The first 6 rows lost the first 0. This is quite dangerous because right now we don’t know if the occupation 110 is actually 0110 or 1100. Since we can’t check every single occupation in our dataset to confirm that it kept all the information of each digit, DIGCLASS has the function repair_isco which tells corrects any issues. Let’s run it:

isco_ready$ISCO08 <- repair_isco(isco_ready$ISCO08)
#> ! ISCO variable is not a character. Beware that numeric ISCO variables possibly contain lost data. See https://cimentadaj.github.io/DIGCLASS/articles/repairing_isco_input.html for more details. Converting to a character vector.
#>  ISCO variable has occupations with digits less than 4. Converting to 4 digits.
#> • Converted `110` to `0110`
#> • Converted `210` to `0210`
#> • Converted `310` to `0310`
#> • Converted `100` to `0100`
#> • Converted `200` to `0200`
#> • Converted `300` to `0300`

The functions tells us some things:

  • If the column is a numeric, and warns that we need to turn it into a character
  • Warns that there are some occupations with digit less than 4. If your input ISCO variable is of 3, 2 or 1 digit, you can change it using the digits argument set to another number.
  • Shows the transformation it made to harmonize all occupations. All transformations will be appending 0’s from the left to the total number of digits.

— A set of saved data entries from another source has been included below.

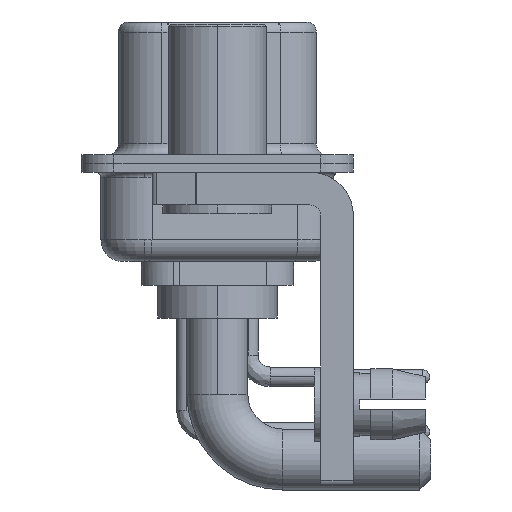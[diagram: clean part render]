
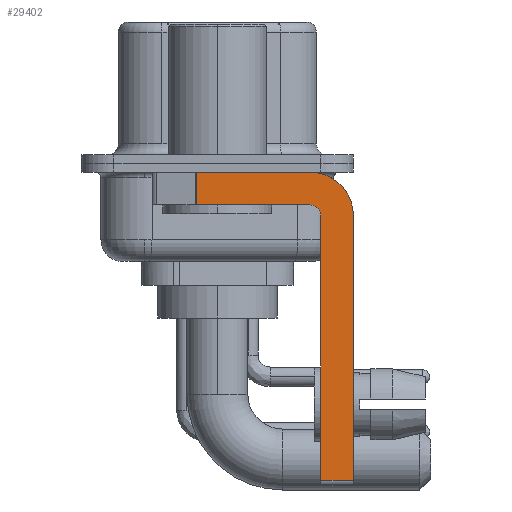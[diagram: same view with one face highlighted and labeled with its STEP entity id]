
A CAD part, left-side view. The second image highlights one B-rep face of the part: STEP entity #29402.
In plain terms, the highlighted planar face has unit normal (-1, 0, 0).
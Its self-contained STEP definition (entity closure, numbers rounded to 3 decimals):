
#267 = DIRECTION ( 'NONE',  ( 1., 0., 0. ) ) ;
#1295 = VERTEX_POINT ( 'NONE', #9757 ) ;
#1572 = VECTOR ( 'NONE', #4086, 1000. ) ;
#2039 = EDGE_CURVE ( 'NONE', #1295, #5314, #20333, .T. ) ;
#2592 = AXIS2_PLACEMENT_3D ( 'NONE', #10285, #267, #19526 ) ;
#2624 = DIRECTION ( 'NONE',  ( 0., 1., 0. ) ) ;
#2646 = VERTEX_POINT ( 'NONE', #6531 ) ;
#2809 = LINE ( 'NONE', #17540, #28577 ) ;
#3715 = ORIENTED_EDGE ( 'NONE', *, *, #2039, .T. ) ;
#3891 = VERTEX_POINT ( 'NONE', #5357 ) ;
#4086 = DIRECTION ( 'NONE',  ( 0., 0., -1. ) ) ;
#5111 = PLANE ( 'NONE',  #2592 ) ;
#5314 = VERTEX_POINT ( 'NONE', #6777 ) ;
#5357 = CARTESIAN_POINT ( 'NONE',  ( -2.9, -6.25, -14.55 ) ) ;
#5397 = CARTESIAN_POINT ( 'NONE',  ( -2.9, -4.25, -0.4 ) ) ;
#5511 = EDGE_CURVE ( 'NONE', #22528, #5685, #6938, .T. ) ;
#5685 = VERTEX_POINT ( 'NONE', #10773 ) ;
#5721 = VERTEX_POINT ( 'NONE', #26108 ) ;
#6449 = LINE ( 'NONE', #23355, #1572 ) ;
#6506 = VECTOR ( 'NONE', #21105, 1000. ) ;
#6531 = CARTESIAN_POINT ( 'NONE',  ( -2.9, -6.25, -2.4 ) ) ;
#6544 = CIRCLE ( 'NONE', #17042, 0.5 ) ;
#6777 = CARTESIAN_POINT ( 'NONE',  ( -2.9, 0.978, -1.9 ) ) ;
#6938 = LINE ( 'NONE', #16483, #24885 ) ;
#7932 = CARTESIAN_POINT ( 'NONE',  ( -2.9, -4.75, -14.55 ) ) ;
#7981 = EDGE_CURVE ( 'NONE', #11131, #2646, #23575, .T. ) ;
#9609 = EDGE_CURVE ( 'NONE', #2646, #3891, #6449, .T. ) ;
#9697 = ORIENTED_EDGE ( 'NONE', *, *, #27796, .F. ) ;
#9757 = CARTESIAN_POINT ( 'NONE',  ( -2.9, 0.978, -0.4 ) ) ;
#9906 = EDGE_CURVE ( 'NONE', #22528, #3891, #2809, .T. ) ;
#10285 = CARTESIAN_POINT ( 'NONE',  ( -2.9, -4.25, -2.4 ) ) ;
#10597 = VECTOR ( 'NONE', #2624, 1000. ) ;
#10607 = DIRECTION ( 'NONE',  ( 0., 0., -1. ) ) ;
#10773 = CARTESIAN_POINT ( 'NONE',  ( -2.9, -4.75, -2.4 ) ) ;
#11131 = VERTEX_POINT ( 'NONE', #5397 ) ;
#12166 = ORIENTED_EDGE ( 'NONE', *, *, #5511, .F. ) ;
#12567 = AXIS2_PLACEMENT_3D ( 'NONE', #12949, #22489, #10607 ) ;
#12949 = CARTESIAN_POINT ( 'NONE',  ( -2.9, -4.25, -2.4 ) ) ;
#13159 = CARTESIAN_POINT ( 'NONE',  ( -2.9, -4.25, -2.4 ) ) ;
#14140 = DIRECTION ( 'NONE',  ( 0., 0., 1. ) ) ;
#14212 = CARTESIAN_POINT ( 'NONE',  ( -2.9, 3., -0.4 ) ) ;
#15030 = DIRECTION ( 'NONE',  ( -1., 0., 0. ) ) ;
#15781 = CARTESIAN_POINT ( 'NONE',  ( -2.9, 0.978, -1.9 ) ) ;
#16483 = CARTESIAN_POINT ( 'NONE',  ( -2.9, -4.75, -14.8 ) ) ;
#16877 = LINE ( 'NONE', #28743, #10597 ) ;
#17042 = AXIS2_PLACEMENT_3D ( 'NONE', #13159, #15030, #20189 ) ;
#17540 = CARTESIAN_POINT ( 'NONE',  ( -2.9, -4.25, -14.55 ) ) ;
#19526 = DIRECTION ( 'NONE',  ( 0., 0., -1. ) ) ;
#19656 = EDGE_CURVE ( 'NONE', #5685, #5721, #6544, .T. ) ;
#20189 = DIRECTION ( 'NONE',  ( 0., 0., 1. ) ) ;
#20296 = ORIENTED_EDGE ( 'NONE', *, *, #29384, .F. ) ;
#20333 = LINE ( 'NONE', #15781, #21314 ) ;
#21105 = DIRECTION ( 'NONE',  ( 0., -1., 0. ) ) ;
#21314 = VECTOR ( 'NONE', #27362, 1000. ) ;
#21714 = FACE_OUTER_BOUND ( 'NONE', #29333, .T. ) ;
#22489 = DIRECTION ( 'NONE',  ( 1., 0., 0. ) ) ;
#22528 = VERTEX_POINT ( 'NONE', #7932 ) ;
#23355 = CARTESIAN_POINT ( 'NONE',  ( -2.9, -6.25, -2.4 ) ) ;
#23575 = CIRCLE ( 'NONE', #12567, 2. ) ;
#23756 = ORIENTED_EDGE ( 'NONE', *, *, #19656, .F. ) ;
#24885 = VECTOR ( 'NONE', #14140, 1000. ) ;
#26108 = CARTESIAN_POINT ( 'NONE',  ( -2.9, -4.25, -1.9 ) ) ;
#26467 = ORIENTED_EDGE ( 'NONE', *, *, #9906, .T. ) ;
#27069 = DIRECTION ( 'NONE',  ( 0., -1., 0. ) ) ;
#27362 = DIRECTION ( 'NONE',  ( 0., 0., -1. ) ) ;
#27796 = EDGE_CURVE ( 'NONE', #1295, #11131, #30453, .T. ) ;
#28577 = VECTOR ( 'NONE', #27069, 1000. ) ;
#28743 = CARTESIAN_POINT ( 'NONE',  ( -2.9, -4.25, -1.9 ) ) ;
#29333 = EDGE_LOOP ( 'NONE', ( #9697, #3715, #20296, #23756, #12166, #26467, #30821, #30344 ) ) ;
#29384 = EDGE_CURVE ( 'NONE', #5721, #5314, #16877, .T. ) ;
#29402 = ADVANCED_FACE ( 'NONE', ( #21714 ), #5111, .F. ) ;
#30344 = ORIENTED_EDGE ( 'NONE', *, *, #7981, .F. ) ;
#30453 = LINE ( 'NONE', #14212, #6506 ) ;
#30821 = ORIENTED_EDGE ( 'NONE', *, *, #9609, .F. ) ;

Ideally, you want to make sure you always read the data as characters because that way we can preserve the original coding of the data. You can read data as characters like this for a CSV:

isco_ready <- read_csv(isco_csv, col_types = list(ISCO08 = col_character(), ISCO88 = col_character()))
isco_ready$ISCO08 <- repair_isco(isco_ready$ISCO08)

Note that no messages were printed now. That’s because the function is correct and nothing needs to be done.